Dans le Copier-Coller vous pouvez eviter le texte qui précède le script et après avoir fait un coller
effacer toutes les lignes qui commence par "--", c'est des commentaires mais le script marche avec ou sans.

Garder un exemplaire de ce script en mode texte pour pouvoir modifier le titre du dossier, compilé c'est impossible.*)

Le texte entre (* et *) et aussi du commentaire donc on peut l'effacer.

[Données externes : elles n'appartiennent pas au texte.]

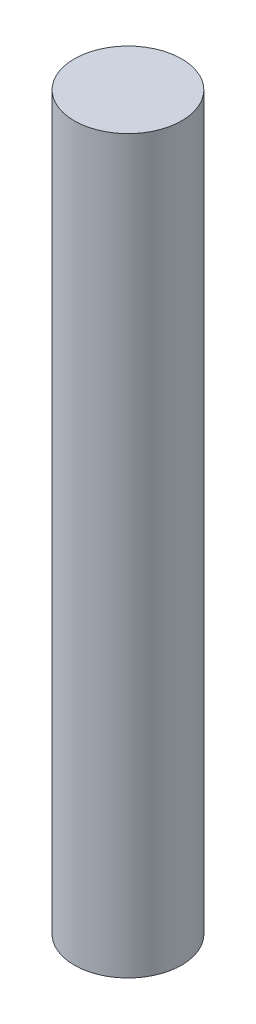
from build123d import *

# Parameters (mm, degrees)
SKETCH1_R           = 1.27
BOSS_EXTRUDE1_DEPTH = 17.2974


with BuildPart() as part:
    # Sketch1 → Boss-Extrude1 (new body)
    with BuildSketch(Plane(origin=(0, 0, 0), x_dir=(1, 0, 0), z_dir=(0, 1, 0))):
        Circle(SKETCH1_R)
    extrude(amount=BOSS_EXTRUDE1_DEPTH)


solid = part.part
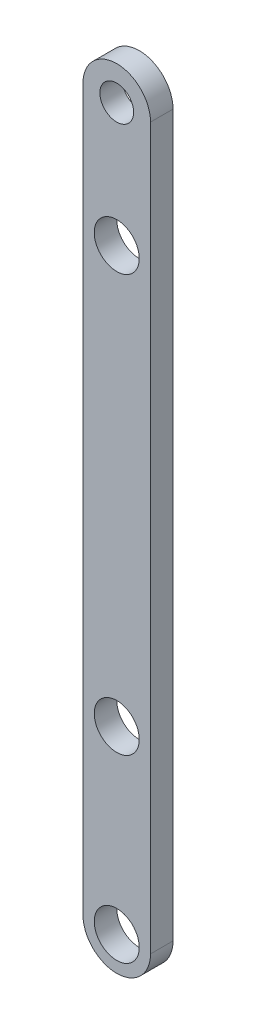
from build123d import *

# Parameters (mm, degrees)
SKETCH1_R           = 0.75
SKETCH1_R_2         = 1
BOSS_EXTRUDE1_DEPTH = 1


with BuildPart() as part:
    # Sketch1 → Boss-Extrude1 (new body)
    with BuildSketch(Plane.XY):
        with BuildLine():
            Line((1.5, 16), (1.5, -16))
            ThreePointArc((1.5, -16), (0, -17.5), (-1.5, -16))
            Line((-1.5, -16), (-1.5, 16))
            ThreePointArc((-1.5, 16), (0, 17.5), (1.5, 16))
        make_face()
        with Locations((0, 16)):
            Circle(SKETCH1_R, mode=Mode.SUBTRACT)
        with Locations((0, -16)):
            Circle(SKETCH1_R_2, mode=Mode.SUBTRACT)
        with Locations((0, 10.5)):
            Circle(SKETCH1_R_2, mode=Mode.SUBTRACT)
        with Locations((0, -8)):
            Circle(SKETCH1_R_2, mode=Mode.SUBTRACT)
    extrude(amount=BOSS_EXTRUDE1_DEPTH)


solid = part.part
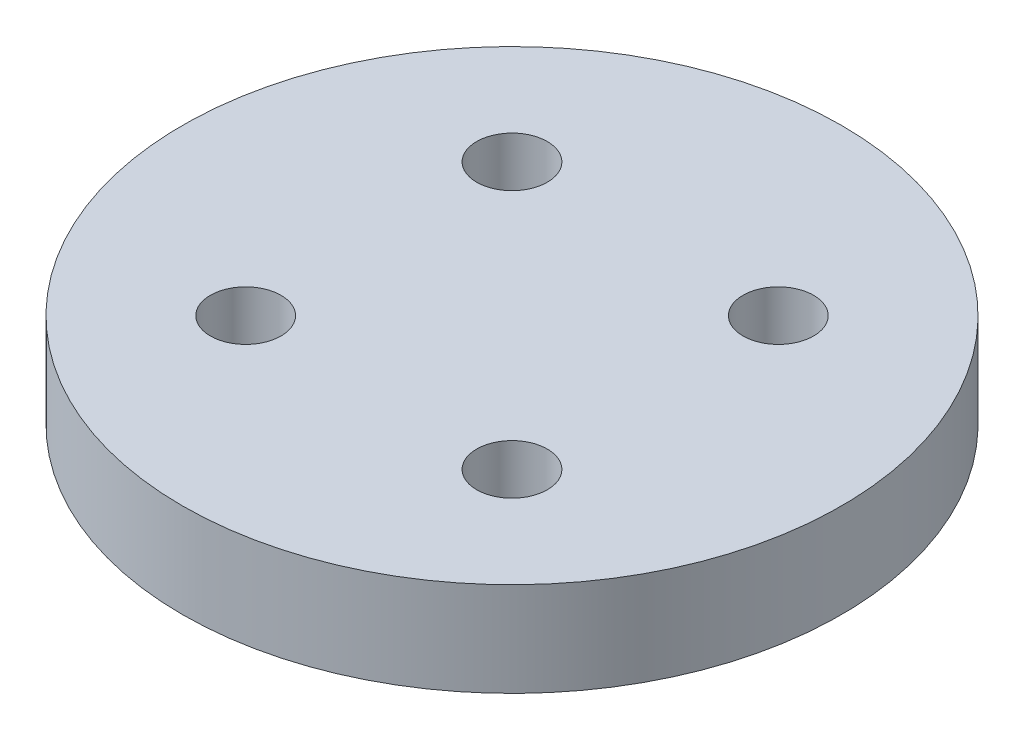
from build123d import *

# Parameters (mm, degrees)
SKETCH_1_R      = 14
SKETCH_1_R_2    = 1.5
EXTRUDE_1_DEPTH = 4


with BuildPart() as part:
    # 草图1 → 凸台-拉伸1 (new body)
    with BuildSketch(Plane(origin=(0, 0, 0), x_dir=(1, 0, 0), z_dir=(0, 1, 0))):
        Circle(SKETCH_1_R)
        with Locations((-5.656854249, 5.656854249)):
            Circle(SKETCH_1_R_2, mode=Mode.SUBTRACT)
        with Locations((5.656854249, 5.656854249)):
            Circle(SKETCH_1_R_2, mode=Mode.SUBTRACT)
        with Locations((5.656854249, -5.656854249)):
            Circle(SKETCH_1_R_2, mode=Mode.SUBTRACT)
        with Locations((-5.656854249, -5.656854249)):
            Circle(SKETCH_1_R_2, mode=Mode.SUBTRACT)
    extrude(amount=EXTRUDE_1_DEPTH)


solid = part.part

-- Jour-date-mois-année-heures-minutes-secondes écrit dans la variable "temps"
set temps to the (current date) as string
-- Nom du mois (le nom) écrit dans la variable "mois_trouve"
set mois_trouve to word 3 of temps
-- Les noms des 12 Mois écrit dans la variable "mois"
set mois to "Janvier Février Mars Avril Mai Juin Juillet Août Septembre Octobre Novembre Décembre"
-- Routine de recherche du mois pas noms
repeat with i from 1 to 12
	-- Ecriture dans la variable "Mois_cherche" du nom du mois recherché du N° de la routine
	set Mois_cherche to word i of mois
	-- Si le mois lue est le même que le nom du mois cherché
	if mois_trouve is Mois_cherche then
		-- Ecriture dans la variable "mois_trouve" du N° du mois a la place du nom en mode texte
		set mois_trouve to i as string
		-- Contrôle du nombre de caractères dans la variable "mois_trouve"
		-- Si un seul caractère alors ajoute un zéro devant le nombre trouvé
		if (count of mois_trouve) is 1 then set mois_trouve to "0" & i
		-- Quitte la boucle si le nom du mois est trouvé avant le 12ème mois
		exit repeat
	end if
	-- Retour en début de boucle (c'est "exit repeat" qui oblige normalement à quitter la routine repeat)
end repeat
--$$$ Ecriture dans la variables "dateDossier" du nom complet  du dossier à créer
set dateDossier to "Web du " & word 2 of temps & "-" & mois_trouve & "-" & word 4 of temps

-- Sélectionne le Finder
tell application "Finder"
	-- Création du dossier sur le bureau avec le nom de la variable "dateDossier"
	make new folder at desktop with properties {name:dateDossier}
end tell
-- Ferme l'application de création du dossier c'est à dire ce script compilé en application après utilisation
quit

@+


----------